Auschwitz Crosses Must Go!!
Chanting "Shame on Poland!", dozens of New Yorkers carrying signs such as "Crosses Distort, Desecrate Auschwitz Memory" and "Why is the Pope Silent on Auschwitz Crosses?", demonstrated Sunday at the Polish Consulate in midtown Manhattan. They angrily demanded the immediate removal of the now 229 crosses erected by Polish nationalists, anti-semites and skinheads in recent weeks next to a 24-foot cross standing in front of the highly controversial former convent at Auschwitz.
Bob Kunst, founder of the Miami-based Shalom International, which organized the protest, declared: "By not responding to this provocation, the Polish government has laid down the gauntlet, challenging world Jewry to whether we'll respond. Auschwitz belongs to us. It's our Jewish cemetery, the largest in the world.
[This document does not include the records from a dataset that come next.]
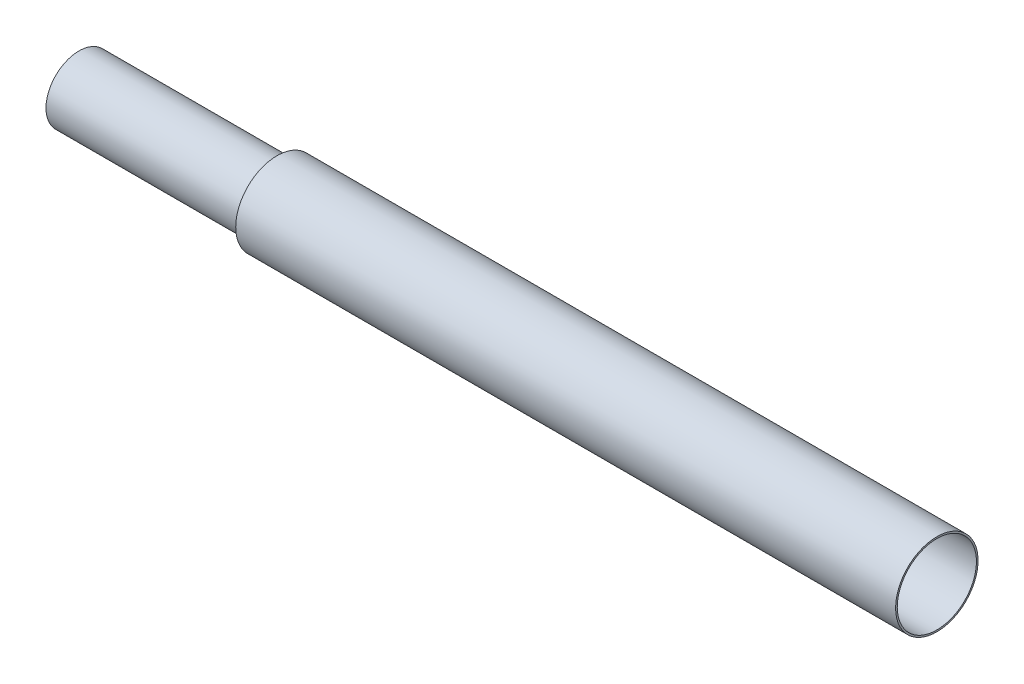
SolidWorks part; units mm, degrees
ref_plane "Front Plane" through (0, 0, 0) normal (0, 0, 1) x (1, 0, 0)
ref_plane "Top Plane" through (0, 0, 0) normal (0, 1, 0) x (1, 0, 0)
ref_plane "Right Plane" through (0, 0, 0) normal (1, 0, 0) x (0, 0, -1)
sketch "Sketch1" plane through (0, 0, 0) normal (0, 0, 1) x (1, 0, 0)
  line L0 (0, 200) -> (1200, 200)
  line L1 (1200, 200) -> (1200, 250)
  line L2 (1200, 250) -> (5200, 250)
  line L3 (0, 0) -> (252.847, 0) construction
  dimension "D1" = 4000
  dimension "D2" = 50
  dimension "D3" = 1200
  dimension "D4" = 200
revolve "Revolve-Thin1" add sketch "Sketch1" angle 360 about L3
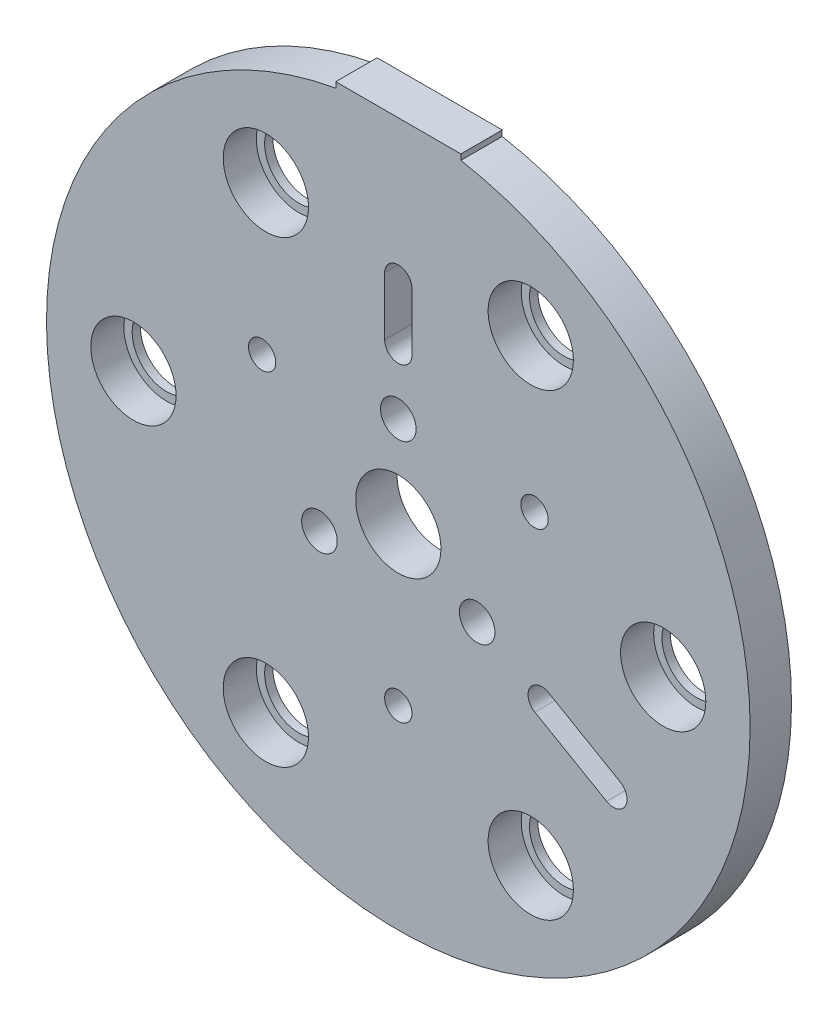
SolidWorks part; units mm, degrees
other "细节项目1"
other "细节项目2"
other "细节项目3"
ref_plane "前视基准面" through (0, 0, 0) normal (0, 0, 1) x (1, 0, 0)
ref_plane "上视基准面" through (0, 0, 0) normal (0, 1, 0) x (1, 0, 0)
ref_plane "右视基准面" through (0, 0, 0) normal (1, 0, 0) x (0, 0, -1)
other "Configuration Table"
sketch "草图1" plane through (0, 0, 0) normal (0, 0, 1) x (1, 0, 0)
  circle A0 centre (0, 0) radius 42.5
  point P0 (0, 0)
  point P19 (0, 0)
  dimension "D1" = 85
extrude "凸台-拉伸1" add sketch "草图1" against normal blind 5 contours A0
sketch "草图2" plane through (0, 0, 0) normal (0, 0, 1) x (1, 0, 0)
  line L0 (0, 0) -> (-32, 0) construction
  circle A1 centre (-32, 0) radius 5.15
  circle A2 centre (-16, 27.7128) radius 5.15
  circle A3 centre (16, 27.7128) radius 5.15
  circle A4 centre (32, 0) radius 5.15
  circle A5 centre (16, -27.7128) radius 5.15
  circle A6 centre (-16, -27.7128) radius 5.15
  point P17 (0, 0)
  dimension "D4" = 10.3
  dimension "D2" = 32
  dimension "D3" = 6
extrude "切除-拉伸1" cut sketch "草图2" against normal through all
sketch "草图3" plane through (0, 0, 0) normal (0, 0, 1) x (1, 0, 0)
  circle A0 centre (0, 0) radius 5.15
  dimension "D1" = 10.3
extrude "切除-拉伸2" cut sketch "草图3" against normal through all
sketch "草图4" plane through (0, 0, -5) normal (0, 0, -1) x (-1, 0, 0)
  circle A0 centre (-16, 27.7128) radius 5.15 construction
  circle A1 centre (-16, 27.7128) radius 5.15
  circle A2 centre (16, 27.7128) radius 5.15 construction
  circle A3 centre (16, 27.7128) radius 5.15
  circle A4 centre (32, 0) radius 5.15 construction
  circle A5 centre (32, 0) radius 5.15
  circle A6 centre (16, -27.7128) radius 5.15 construction
  circle A7 centre (16, -27.7128) radius 5.15
  circle A8 centre (-16, -27.7128) radius 5.15 construction
  circle A9 centre (-16, -27.7128) radius 5.15
  circle A10 centre (-32, 0) radius 5.15 construction
  circle A11 centre (-32, 0) radius 5.15
extrude "拉伸-薄壁1" add sketch "草图4" against normal blind 1 thin thin type one direction reverse wall 1
sketch "草图5" plane through (0, 0, -5) normal (0, 0, -1) x (-1, 0, 0)
  line L0 (0, 0) -> (-42.5, 0) construction
  line L1 (0, 0) -> (-36.8061, 21.25) construction
  circle A0 centre (0, 0) radius 42.5 construction
  circle A1 centre (-16.4545, 9.5) radius 1.65
  circle A2 centre (16.4545, 9.5) radius 1.65
  circle A3 centre (0, -19) radius 1.65
  point P16 (0, 0)
  dimension "D2" = 3.3
  dimension "D1" = 30
  dimension "D4" = 19
  dimension "D3" = 3
extrude "切除-拉伸3" cut sketch "草图5" against normal up to next
sketch "草图7" plane through (0, 0, -5) normal (0, 0, -1) x (-1, 0, 0)
  line L0 (0, 0) -> (-36.8061, -21.25) construction
  line L1 (-17.3205, -10) -> (-25.9808, -15) construction
  line L2 (-16.4955, -11.4289) -> (-25.1558, -16.4289)
  line L3 (-18.1455, -8.5711) -> (-26.8058, -13.5711)
  line L4 (0, 0) -> (-42.5, 0) construction
  circle A0 centre (0, 0) radius 42.5 construction
  arc A1 (-16.4955, -11.4289) -> (-18.1455, -8.5711) centre (-17.3205, -10) ccw
  arc A2 (-26.8058, -13.5711) -> (-25.1558, -16.4289) centre (-25.9808, -15) ccw
  point P8 (-21.6506, -12.5)
  dimension "D1" = 1.65
  dimension "D3" = 30
  dimension "D2" = 10
  dimension "D4" = 30
extrude "切除-拉伸4" cut sketch "草图7" against normal up to next
sketch "草图8" plane through (0, 0, 0) normal (0, 0, 1) x (1, 0, 0)
  line L0 (0, 0) -> (36.8061, -21.25) construction
  line L1 (18.1455, -8.5711) -> (26.8058, -13.5711) construction
  arc A3 (40.7925, -11.9256) -> (30.7241, -29.3646) centre (0, 0) cw
  circle A4 centre (0, 0) radius 42.5 construction
extrude "拉伸-薄壁2" [suppressed] add sketch "草图8" along normal blind 6 thin
ref_plane "基准面1" through (16.4955, -11.4289, 0) normal (-0.866, 0.5, 0) x (0, 0, 1)
sketch "草图9" plane through (16.4955, -11.4289, 0) normal (-0.866, 0.5, 0) x (0, 0, 1)
  line L0 (0, 1.65) -> (7.8846, 1.65) construction
  line L1 (0, 0) -> (0, 3.3) construction
  line L2 (0, 0) -> (0, 3.3) construction
  circle A0 centre (2.696, 1.65) radius 2.15
  point P6 (0, 1.65)
  dimension "D1" = 4.3
extrude "切除-拉伸5" [suppressed] cut sketch "草图9" against normal up to next
chamfer "倒角1" [suppressed] distance 4 angle 45
chamfer "倒角2" [suppressed] distance 4 angle 58
sketch "草图10" plane through (0, 0, -5) normal (0, 0, -1) x (-1, 0, 0)
  circle A0 centre (-9.5263, -5.5) radius 2.15
  circle A1 centre (0, 11) radius 2.15
  circle A2 centre (9.5263, -5.5) radius 2.15
  circle A4 centre (-9.5263, -5.5) radius 1.65 construction
  point P13 (0, 0)
  dimension "D1" = 4.3
  dimension "D3" = 3
extrude "切除-拉伸6" cut sketch "草图10" against normal up to next
sketch "草图11" plane through (0, 0, 0) normal (0, 0, 1) x (1, 0, 0)
  line L0 (0, 0) -> (0, 42.5) construction
  line L1 (0, 25.4578) -> (0, 18.4578) construction
  line L2 (1.65, 25.4578) -> (1.65, 18.4578)
  line L3 (-1.65, 25.4578) -> (-1.65, 18.4578)
  circle A0 centre (0, 0) radius 42.5 construction
  arc A1 (1.65, 25.4578) -> (-1.65, 25.4578) centre (0, 25.4578) ccw
  arc A2 (-1.65, 18.4578) -> (1.65, 18.4578) centre (0, 18.4578) ccw
  point P8 (0, 21.9578)
  dimension "D1" = 1.65
  dimension "D2" = 7
extrude "切除-拉伸7" cut sketch "草图11" against normal up to next
sketch "草图12" plane through (0, 0, 0) normal (0, 0, 1) x (1, 0, 0)
  line L0 (0, 42.5) -> (0, 0) construction
  arc A0 (-11.8308, 40.8201) -> (11.8308, 40.8201) centre (0, 0) cw
  circle A1 centre (0, 0) radius 42.5 construction
extrude "拉伸-薄壁3" [suppressed] add sketch "草图12" along normal blind 10 thin
sketch "草图14" plane through (0, 0, -5) normal (0, 0, -1) x (-1, 0, 0)
  line L0 (-7.5, 42.5) -> (7.5, 42.5)
  line L1 (0, 42.5) -> (0, 0) construction
  circle A0 centre (0, 0) radius 42.5 construction
  circle A1 centre (0, 0) radius 42.5 construction
  dimension "D1" = 15
extrude "拉伸-薄壁4" [suppressed] add sketch "草图14" against normal blind 15 thin
sketch "草图13" plane through (0, 0, 0) normal (0, 1, 0) x (1, 0, 0)
  line L0 (0, 0) -> (0, -3) construction
  line L1 (-42.5, 0) -> (42.5, 0) construction
  circle A0 centre (0, -3) radius 1.65
  dimension "D1" = 3.3
  dimension "D2" = 3
extrude "切除-拉伸8" [suppressed] cut sketch "草图13" along normal through all
chamfer "倒角3" [suppressed] distance 8 angle 45
sketch "草图15" plane through (0, 0, 0) normal (0, 0, 1) x (1, 0, 0)
  circle A9 centre (0, -19) radius 1.65 construction
  circle A12 centre (-16.4545, 9.5) radius 1.65 construction
  circle A14 centre (16.4545, 9.5) radius 1.65 construction
  circle A15 centre (0, -19) radius 1.65
  circle A17 centre (-16.4545, 9.5) radius 1.65
  circle A18 centre (16.4545, 9.5) radius 1.65
extrude "拉伸-薄壁5" [suppressed] add sketch "草图15" along normal blind 6 thin
chamfer "倒角4" [suppressed] distance 2 angle 73
chamfer "倒角5" [suppressed] distance 0.4 angle 45
sketch "草图17" plane through (0, 0, -5) normal (0, 0, -1) x (-1, 0, 0)
  line L0 (-7.5562, 42.5) -> (7.5562, 42.5)
  line L1 (0, 0) -> (0, 44.4396) construction
  circle A0 centre (0, 0) radius 42.5 construction
  point P7 (0, 0)
  point P8 (-7.5562, 42.5)
extrude "拉伸-薄壁6" add sketch "草图17" against normal up to surface (5 mm away) thin

It doesn't belong to the Polish government or Catholic Church."
Kunst announced further demonstrations on an international scale for November 8th "to mark Kristallnacht, the beginning of Nazi terror to wipe out Jews, and the crosses at Auschwitz, the attempt to wipe our memory of Nazism's victims." Kunst called for a boycott of Polish products and services. "We're not going to support on any scale this outrage, assisting Poland while at the same time having this desecration shoved down our throats."
Glenn Richter of the Coalition for Jewish Concerns-Amcha, which assisted coordinating Sunday's action, asked, "Why has the Polish government taken a hands-off attitude to the crosses? Why hasn't the archbishop of Poland, Cardinal Josef Glemp, exerted his leadership, but only declares that the Jews 'cannot find words today of understanding and compromise'? Why has the Pope, who speaks of Catholic-Jewish reconciliation at the end of this millennium, remained silent?" Richter also detailed the erection of large Christian symbols at many other Nazi camps in eastern and central Europe, including the church at Birkenau, Auschwitz's killing grounds - "though the Polish Church says that over 90% of Auschwitz's victims were Jews."
Oliver Koppell, former New York state Attorney General, also addressed the crowd. "I am the son of parents who fled Nazi Germany, a country which murdered its Jews," he stated. "It is an outrage to see the memory of the Holocaust and one of the worst terrors in the history of man desecrated in Auschwitz. To try to Christianize the Holocaust is an insult to Jews and their memory. This must be protested by all decent people around the world, Jews or not.
"Imagine if you'd try to put up Christian crosses around the death camps in Cambodia. That was a Cambodian tragedy, not to be torn away from those who mourn for it by trying to change its identity." Koppell also blasted plans for a fast food restaurant opposite Auschwitz. "Auschwitz is hallowed ground. You wouldn't sell hamburgers in a church or synagogue. You shouldn't sell hamburgers at Auschwitz."